Изменить размер шрифта - +
А я и не знал, что он так умело врет. Так спокойно притворяется, так правдиво сочиняет. Сколько это продолжается? Действительно ли он ночевал у Людовика? Или спал в моей — нашей — хижине? Рауль, по-своему заботящийся о сломанных кустиках, к которым он привязывает подпорки, — это меня настолько тронуло, что я не могу проглотить ни куска.

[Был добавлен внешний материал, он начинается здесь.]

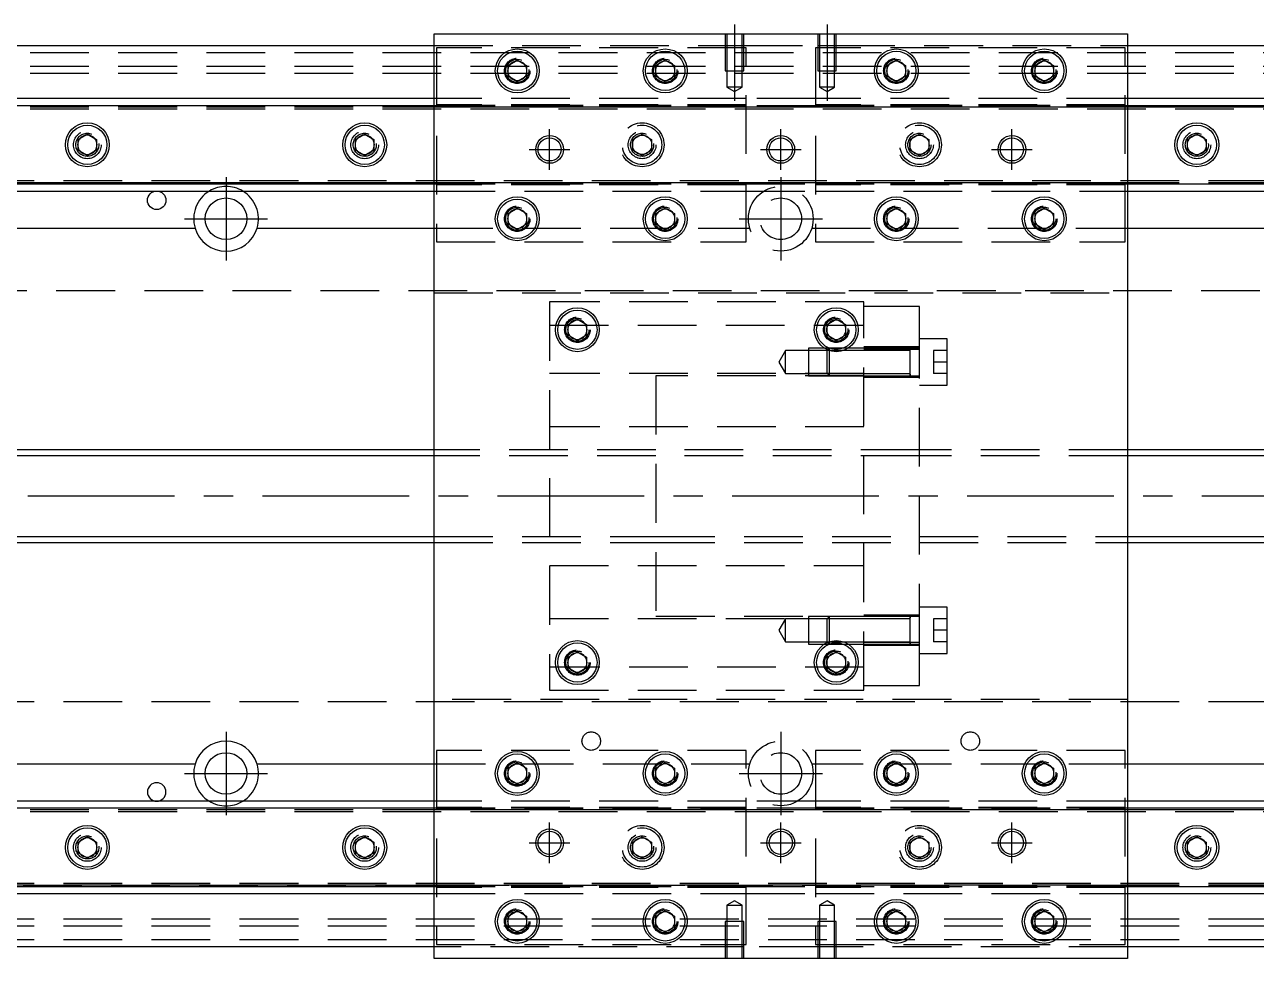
# Model space of a CAD drawing. Extents: x -20 to 1043, y -301 to 102.
# Drawn here: x 246.4 to 512.9, y -100 to 102 of the extents above; entities that cross this region are included whole.
import ezdxf

# ---------------------------------------------------------------- set-up
doc = ezdxf.new("R2010")
doc.units = 0
doc.linetypes.add('CENTER', pattern=[50.8, 31.75, -6.35, 6.35, -6.35])
doc.linetypes.add('DASHED', pattern=[19.05, 12.7, -6.35])
doc.layers.get('0').update_dxf_attribs({"linetype": 'CONTINUOUS'})
doc.layers.add('CENTER', color=1, linetype='CENTER')

msp = doc.modelspace()

# ---------------------------------------------------------------- linework, layer by layer
at = {"color": 7, "linetype": 'CONTINUOUS'}
for p, q in [((335, -100), (335, 100)), ((335, 100), (485, 100)), ((485, 100), (485, -100)), ((0, 97.5), (335, 97.5)), ((485, 97.5), (820, 97.5)), ((351, 93.1547), (353, 94.309402)), ((353, 94.309402), (355, 93.1547)), ((383, 93.1547), (385, 94.309402)), ((385, 94.309402), (387, 93.1547)), ((433, 93.1547), (435, 94.309402)), ((435, 94.309402), (437, 93.1547)), ((465, 93.1547), (467, 94.309402)), ((467, 94.309402), (469, 93.1547)), ((351, 90.8453), (351, 93.1547)), ((353, 89.690598), (351, 90.8453)), ((355, 90.8453), (353, 89.690598)), ((355, 93.1547), (355, 90.8453)), ((383, 90.8453), (383, 93.1547)), ((385, 89.690598), (383, 90.8453)), ((387, 90.8453), (385, 89.690598)), ((387, 93.1547), (387, 90.8453)), ((433, 90.8453), (433, 93.1547)), ((435, 89.690598), (433, 90.8453)), ((437, 90.8453), (435, 89.690598)), ((437, 93.1547), (437, 90.8453)), ((465, 90.8453), (465, 93.1547)), ((467, 89.690598), (465, 90.8453)), ((469, 90.8453), (467, 89.690598)), ((469, 93.1547), (469, 90.8453)), ((335, 86), (0, 86)), ((820, 86), (485, 86)), ((335, 84.460392), (0, 84.460392)), ((820, 84.460392), (485, 84.460392)), ((258, 77.1547), (260, 78.309402)), ((260, 78.309402), (262, 77.1547)), ((318, 77.1547), (320, 78.309402)), ((320, 78.309402), (322, 77.1547)), ((498, 77.1547), (500, 78.309402)), ((500, 78.309402), (502, 77.1547)), ((258, 74.8453), (258, 77.1547)), ((260, 73.690598), (258, 74.8453)), ((262, 74.8453), (260, 73.690598)), ((262, 77.1547), (262, 74.8453)), ((318, 74.8453), (318, 77.1547)), ((320, 73.690598), (318, 74.8453)), ((322, 74.8453), (320, 73.690598)), ((322, 77.1547), (322, 74.8453)), ((498, 74.8453), (498, 77.1547)), ((500, 73.690598), (498, 74.8453)), ((502, 74.8453), (500, 73.690598)), ((502, 77.1547), (502, 74.8453)), ((0, 67.539608), (335, 67.539608)), ((485, 67.539608), (820, 67.539608)), ((0, 66), (335, 66)), ((485, 66), (820, 66)), ((351, 61.1547), (353, 62.309402)), ((353, 62.309402), (355, 61.1547)), ((383, 61.1547), (385, 62.309402)), ((385, 62.309402), (387, 61.1547)), ((433, 61.1547), (435, 62.309402)), ((435, 62.309402), (437, 61.1547)), ((465, 61.1547), (467, 62.309402)), ((467, 62.309402), (469, 61.1547)), ((351, 58.8453), (351, 61.1547)), ((353, 57.690598), (351, 58.8453)), ((355, 58.8453), (353, 57.690598)), ((355, 61.1547), (355, 58.8453)), ((383, 58.8453), (383, 61.1547)), ((385, 57.690598), (383, 58.8453)), ((387, 58.8453), (385, 57.690598)), ((387, 61.1547), (387, 58.8453)), ((433, 58.8453), (433, 61.1547)), ((435, 57.690598), (433, 58.8453)), ((437, 58.8453), (435, 57.690598)), ((437, 61.1547), (437, 58.8453)), ((465, 58.8453), (465, 61.1547)), ((467, 57.690598), (465, 58.8453)), ((469, 58.8453), (467, 57.690598)), ((469, 61.1547), (469, 58.8453)), ((176.708204, 58), (283.291796, 58)), ((296.708204, 58), (335, 58)), ((485, 58), (523.291796, 58)), ((364, 37.1547), (366, 38.309402)), ((366, 38.309402), (368, 37.1547)), ((420, 37.1547), (422, 38.309402)), ((422, 38.309402), (424, 37.1547)), ((364, 34.8453), (364, 37.1547)), ((366, 33.690598), (364, 34.8453)), ((368, 34.8453), (366, 33.690598)), ((368, 37.1547), (368, 34.8453)), ((420, 34.8453), (420, 37.1547)), ((422, 33.690598), (420, 34.8453)), ((424, 34.8453), (422, 33.690598)), ((424, 37.1547), (424, 34.8453)), ((438, 26.011846), (438, 26.012874)), ((335, 10), (28, 10)), ((763, 10), (485, 10)), ((28, -10), (335, -10)), ((485, -10), (763, -10)), ((420, -31.511852), (420.44468, -31.511852)), ((364, -34.8453), (366, -33.690598)), ((366, -33.690598), (368, -34.8453)), ((420, -34.8453), (422, -33.690598)), ((422, -33.690598), (424, -34.8453)), ((364, -37.1547), (364, -34.8453)), ((366, -38.309402), (364, -37.1547)), ((368, -37.1547), (366, -38.309402)), ((368, -34.8453), (368, -37.1547)), ((420, -37.1547), (420, -34.8453)), ((422, -38.309402), (420, -37.1547)), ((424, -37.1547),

Луизетта ставит перед нами пюре и принимается разделывать окорок. Я роняю салфетку, наклоняюсь за ней и заглядываю под скатерть. Рауль разложил на коленях листок фольги. Я прикусываю щеку, чтобы не улыбнуться, выбираясь из-под скатерти. Я думаю о том, что еще никогда он не был так трогателен и что больше чем когда-либо он сейчас заслуживает постоянной поддержки с моей стороны — как это было в ту пору, когда я влюбился в его мать. Что будем делать, Рауль? Долго ли ты будешь прятать в моей хижине для марсиан хорошенькую, приветливую фею?

Мы только что вернулись из больницы, где врачи вместо того, чтобы обнаружить трещину в черепе — в существовании которой я не сомневался, — нашли у нее три сломанных ребра. Я предложил ей отвезти ее к себе. Она отказалась — спокойно и решительно. На перекрестке Четырех Дубов она быстро попрощалась со мной, напомнив, что меня, конечно же, ждут к обеду, а я опоздал, помогая ей. Протянула мне связку ключей, назвала адрес в квартале Жан-Мулен и сказала кличку кота, поблагодарив, что я согласился накормить его.

Я смотрел, как она идет, освещенная солнцем, легкая и упрямая, уверенная в своей правоте. Та же походка, та же осанка заигравшегося самоубийцы, каким был я тридцать три года назад на этой дороге, прячась в спасительной хижине. Раз мир от нее отказался, она оставила его, чтобы сыграть ту роль, которую ей доверил ребенок; он — без сомнения, говорила она себе — единственное существо на свете, которому она еще нужна.

Я оставил попытки ее переубедить и начал издалека:

— Вам привезти ваши вещи?

— Ваш сын позаботится об этом.

Я опускаю глаза и смотрю в тарелку Рауля. Кусок бараньего окорока уже исчез, равно как и третья часть пюре.

— Отменно! — говорит он, протягивая тарелку Луизетте.

Она хмурится:

— Не держи меня за дурочку, козлик! Ты все скормил собаке!

Он не отрицает. Луизетта кладет добавку и садится напротив, подперев руками щеки, — посмотреть, как он будет есть. Чтобы спасти его, я спрашиваю:

— Луизетта, у вас есть горчица в зернах?

— А то ты не знаешь, где она?

— Нет.

Она, ворча, встает и идет в столовую: там, на буфете, с незапамятных времен стоит горчица в зернах. Каждый раз, когда я раздражаю Луизетту, она обращается ко мне на «ты». Я обращаюсь к ней на «вы» с тех пор, как она лишила меня девственности в пятнадцать лет, в доме ее парижского хозяина, куда я ходил каждую среду во второй половине дня, пока шесть лет спустя не приобрел средства переманить ее, чтобы она вернулась на ферму. Я до сих пор храню письма, которые она писала мне в пансион. Они были моей единственной отдушиной, окошком в свободу, в прежнюю жизнь. Моя мать присылала мне только дорогие подарки и открытки, написанные от первого лица множественного числа, чтобы я не забывал, насколько великодушен новый папа, калифорниец, который возьмет меня к себе аспирантом, когда я выучусь на врача. Именно Луизетта поддерживала моих бабушку и дедушку в доме престарелых, где однообразие понемногу убивало их. Это она передала мне последние слова бабули Жанны, готовившейся присоединиться к дедушке Жюлю, ушедшему за несколько часов до нее: «По крайней мере там, наверху, мы окажемся на одном этаже». Я искренне люблю Луизетту, но со временем вынужден был прервать с ней связь.

Когда я приехал из больницы, она сказала, что от Ингрид никаких известий, и ее торжествующий вид стоил всех ее апокалиптических предсказаний, сделанных перед моей женитьбой.